There is nothing to state that Orochimaru is a Jinchuuriki... he merely uses snake techniques, that's all.


----------



## nif (Dec 14, 2006)

Grrblt said:


> [Order]_DGray-man_-_11


All your so called "counter-arguments" are based on a fanfic and therefore fail. Try to find any reliable source about a 3tail holding a samehada, there is none, it's a fanfic.




~1#Wikipedia~ said:


> No..........



it's supposed to be a wiki article?

*Orochimaru is a bijuu*

*Hint 1*: Morino Hibiki (about orochimaru): "_he didn't look a human, it was frightening, frightening as hell_"
*Hint 2*: Yakushi Kabuto (about kyuubi vs orochimaru): "_It 's not a fight between 2 shinobis but between two monsters_"
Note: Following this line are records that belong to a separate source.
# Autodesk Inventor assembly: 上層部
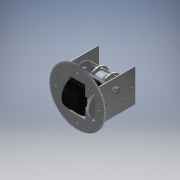
[picture p0: Inventor's stored thumbnail of the model, 180x180]
Saved by Autodesk Inventor 2019 (Build 230136000, 136)
## iProperties
Created: 2020-10-06
Part Number: 上層部
Material: 一般
Document SubType Name: Assembly
Designer: zhept
Mass: 1918.98 g
Surface Area: 3002 cm^2
Volume: 823.717 cm^3
Density: 2.32966 g/cm^3
Author: zhept
## Documents named in this file (19)
- C:\Users\zhept\OneDrive\大学\rrst\足回り2020\上層部\上層部.iam
- C:\Users\zhept\OneDrive\大学\rrst\足回り2020\上層部\板2.ipt
- C:\Users\zhept\OneDrive\大学\rrst\足回り2020\円柱5mm.ipt
- C:\Users\zhept\OneDrive\大学\rrst\足回り2020\足回り試作　ゴム車輪\モーター RS775-8513DF.iam
- C:\Users\zhept\OneDrive\大学\rrst\足回り2020\足回り試作　ゴム車輪\六角スペーサー.ipt
- C:\Users\zhept\OneDrive\大学\rrst\足回り2020\足回り試作　ゴム車輪\円 46.9mm.ipt
- C:\Users\zhept\OneDrive\大学\rrst\足回り2020\足回り試作　ゴム車輪\円 42.5mm.ipt
- C:\Users\zhept\OneDrive\大学\rrst\足回り2020\足回り試作　ゴム車輪\KHK_SS0530BOn.ipt
- C:\Users\zhept\OneDrive\大学\rrst\足回り2020\円柱8mm.ipt
- C:\Users\zhept\OneDrive\大学\rrst\足回り2020\KHK_SS05120AOn\KHK_SS05120AOn.ipt
- C:\Users\zhept\OneDrive\大学\rrst\足回り2020\HAMMER_CASTER_425ER100\HAMMER_CASTER_425ER100.ipt
- C:\Users\zhept\OneDrive\大学\rrst\足回り2020\KHK_SSG0840BOn\KHK_SSG0840BOn.ipt
- C:\Users\zhept\OneDrive\大学\rrst\足回り2020\KHK_SS08100AOn\KHK_SS08100AOn.ipt
- C:\Users\zhept\OneDrive\大学\rrst\足回り2020\IWATA_SCS0812CP3\SCS0812CP3.iam
- C:\Users\zhept\OneDrive\大学\rrst\足回り2020\足回り試作　ゴム車輪\板.ipt
- C:\Users\zhept\OneDrive\大学\rrst\足回り2020\金具 L型\金具 L型.ipt
- C:\Users\zhept\OneDrive\大学\rrst\足回り2020\KHK_SS2100J20On\SS2-100J20_On.ipt
- C:\Users\zhept\OneDrive\大学\rrst\玉軸受2 F608ZZ\玉軸受2 F608ZZ.ipt
- C:\Users\zhept\OneDrive\大学\rrst\足回り2020\IWATA_SCS0808CB2\SCS0808CB2.ipt
## Components (33 placed, 18 different names)
1. 板2:1 — メイト:2, 挿入:26, メイト:5, 挿入:35, 挿入:36, 挿入:37, 挿入:38, リジッド:3, リジッド:4
2. 円柱5mm:1 — 挿入:28
3. 円柱5mm:2 — 挿入:29
4. 円柱5mm:3 — 挿入:30
5. モーター RS775-8513DF:1 [sub-assembly] — 挿入:15
6. 六角スペーサー:1
7. 六角スペーサー:2
8. 円 46.9mm:1 — 挿入:9, 挿入:10, 挿入:11
9. 円 42.5mm:1 — 挿入:9, 挿入:10, 挿入:11
10. KHK_SS0530BOn:1 — 挿入:15, フラッシュ:1
11. 円柱8mm:1 — 円柱状:1, 円柱状:3
12. 円柱8mm:2 — 円柱状:2, 円柱状:4, 円柱状:5, 円柱状:6
13. KHK_SS05120AOn:1 — 円柱状:1, フラッシュ:1
14. HAMMER_CASTER_425ER100:1 — メイト:2, メイト:4
15. HAMMER_CASTER_425ER100:2 — 円柱状:2, メイト:3
16. KHK_SSG0840BOn:1 — 円柱状:3, フラッシュ:2
17. KHK_SS08100AOn:1 — 円柱状:4, フラッシュ:2, メイト:5
18. SCS0812CP3:1 [sub-assembly] — 円柱状:5, メイト:4
19. SCS0812CP3:2 [sub-assembly] — 円柱状:6, メイト:3
20. 板:1 — 挿入:26, 挿入:28, 挿入:29, 挿入:30, 挿入:31, 挿入:32, 挿入:33, 挿入:34, リジッド:1, リジッド:2
21. 金具 L型:1 — 挿入:31, 挿入:32, 挿入:39
22. 金具 L型:2 — 挿入:33, 挿入:34
23. 金具 L型:3 — 挿入:37, 挿入:38
24. 金具 L型:4 — 挿入:35, 挿入:36
25. SS2-100J20_On:1 — 挿入:39
26. SCS0808CB2:1 — メイト:9
27. SCS0808CB2:2 — メイト:8
28. SCS0808CB2:3 — メイト:7
29. SCS0808CB2:4 — メイト:6
30. 玉軸受2 F608ZZ:5 — リジッド:4, メイト:9
31. 玉軸受2 F608ZZ:6 — リジッド:3, メイト:8
32. 玉軸受2 F608ZZ:7 — リジッド:2, メイト:7
33. 玉軸受2 F608ZZ:8 — リジッド:1, メイト:6
## Relationships (41: Insert 17, Mate 9, CylindricalJoint 6, WeldJoint 4, RevoluteJoint 2, Flush 2, Angle 1)
- [RevoluteJoint]: モーター RS775-8513DF:1 ↔ 六角スペーサー:2
- [RevoluteJoint]: モーター RS775-8513DF:1 ↔ 六角スペーサー:1
- 挿入:9 [Insert] (40 mm): 円 46.9mm:1 ↔ 円 42.5mm:1
- 挿入:10 [Insert] (40 mm): 円 46.9mm:1 ↔ 円 42.5mm:1
- 挿入:11 [Insert] (40 mm): 円 46.9mm:1 ↔ 円 42.5mm:1
- 挿入:15 [Insert] (1 mm): モーター RS775-8513DF:1 ↔ KHK_SS0530BOn:1
- 円柱状:1 [CylindricalJoint]: 円柱8mm:1 ↔ KHK_SS05120AOn:1
- フラッシュ:1 [Flush]: KHK_SS0530BOn:1 ↔ KHK_SS05120AOn:1
- [Mate]: HAMMER_CASTER_425ER100:1 ↔ HAMMER_CASTER_425ER100:2
- [Angle] (0 deg): HAMMER_CASTER_425ER100:1 ↔ HAMMER_CASTER_425ER100:2
- 円柱状:2 [CylindricalJoint]: 円柱8mm:2 ↔ HAMMER_CASTER_425ER100:2
- メイト:2 [Mate] (65 mm): 板2:1 ↔ HAMMER_CASTER_425ER100:1
- 円柱状:3 [CylindricalJoint]: 円柱8mm:1 ↔ KHK_SSG0840BOn:1
- 円柱状:4 [CylindricalJoint]: 円柱8mm:2 ↔ KHK_SS08100AOn:1
- フラッシュ:2 [Flush]: KHK_SSG0840BOn:1 ↔ KHK_SS08100AOn:1
- 円柱状:5 [CylindricalJoint]: 円柱8mm:2 ↔ SCS0812CP3:1
- 円柱状:6 [CylindricalJoint]: 円柱8mm:2 ↔ SCS0812CP3:2
- メイト:3 [Mate]: HAMMER_CASTER_425ER100:2 ↔ SCS0812CP3:2
- メイト:4 [Mate]: HAMMER_CASTER_425ER100:1 ↔ SCS0812CP3:1
- 挿入:26 [Insert] (130 mm): 板2:1 ↔ 板:1
- 挿入:28 [Insert]: 円柱5mm:1 ↔ 板:1
- 挿入:29 [Insert]: 円柱5mm:2 ↔ 板:1
- 挿入:30 [Insert]: 円柱5mm:3 ↔ 板:1
- メイト:5 [Mate] (3 mm): 板2:1 ↔ KHK_SS08100AOn:1
- 挿入:31 [Insert]: 板:1 ↔ 金具 L型:1
- 挿入:32 [Insert]: 板:1 ↔ 金具 L型:1
- 挿入:33 [Insert]: 板:1 ↔ 金具 L型:2
- 挿入:34 [Insert]: 板:1 ↔ 金具 L型:2
- 挿入:35 [Insert]: 板2:1 ↔ 金具 L型:4
- 挿入:36 [Insert]: 板2:1 ↔ 金具 L型:4
- 挿入:37 [Insert]: 板2:1 ↔ 金具 L型:3
- 挿入:38 [Insert]: 板2:1 ↔ 金具 L型:3
- 挿入:39 [Insert]: 金具 L型:1 ↔ SS2-100J20_On:1
- リジッド:1 [WeldJoint]: 板:1 ↔ 玉軸受2 F608ZZ:8
- リジッド:2 [WeldJoint]: 板:1 ↔ 玉軸受2 F608ZZ:7
- リジッド:3 [WeldJoint]: 板2:1 ↔ 玉軸受2 F608ZZ:6
- リジッド:4 [WeldJoint]: 板2:1 ↔ 玉軸受2 F608ZZ:5
- メイト:6 [Mate]: SCS0808CB2:4 ↔ 玉軸受2 F608ZZ:8
- メイト:7 [Mate]: SCS0808CB2:3 ↔ 玉軸受2 F608ZZ:7
- メイト:8 [Mate]: SCS0808CB2:2 ↔ 玉軸受2 F608ZZ:6
- メイト:9 [Mate]: SCS0808CB2:1 ↔ 玉軸受2 F608ZZ:5
## Named parameters: d48_d46 = 0 mm, d49_d47 = 0 deg

*Evidence 1*: We actually see a gigantic snake coming out of Orochimaru when he body transfers.


*Evidence 2*:





> Hachimata (八股　hachimata) is a dragon in Chinese mythology and Japanese mythology. In the ancient Japanese scripture Kojiki, Hachimata has eyes as red as sour sauce, which is crimson to bright red. It has eight heads and tails, with many trees and vines growing among them. Hachi is eight, and mata is tail or thigh in Japanese, hence the name Hachimata — Eight-tail, and not Eight-Head. This is probably meant to differentiate it from Orochi, who is a snake with eight heads. Hachimata is usually confused with Orochi and sometimes people will mistakenly call Hachimata Orochi, as both have eight heads and eight tails.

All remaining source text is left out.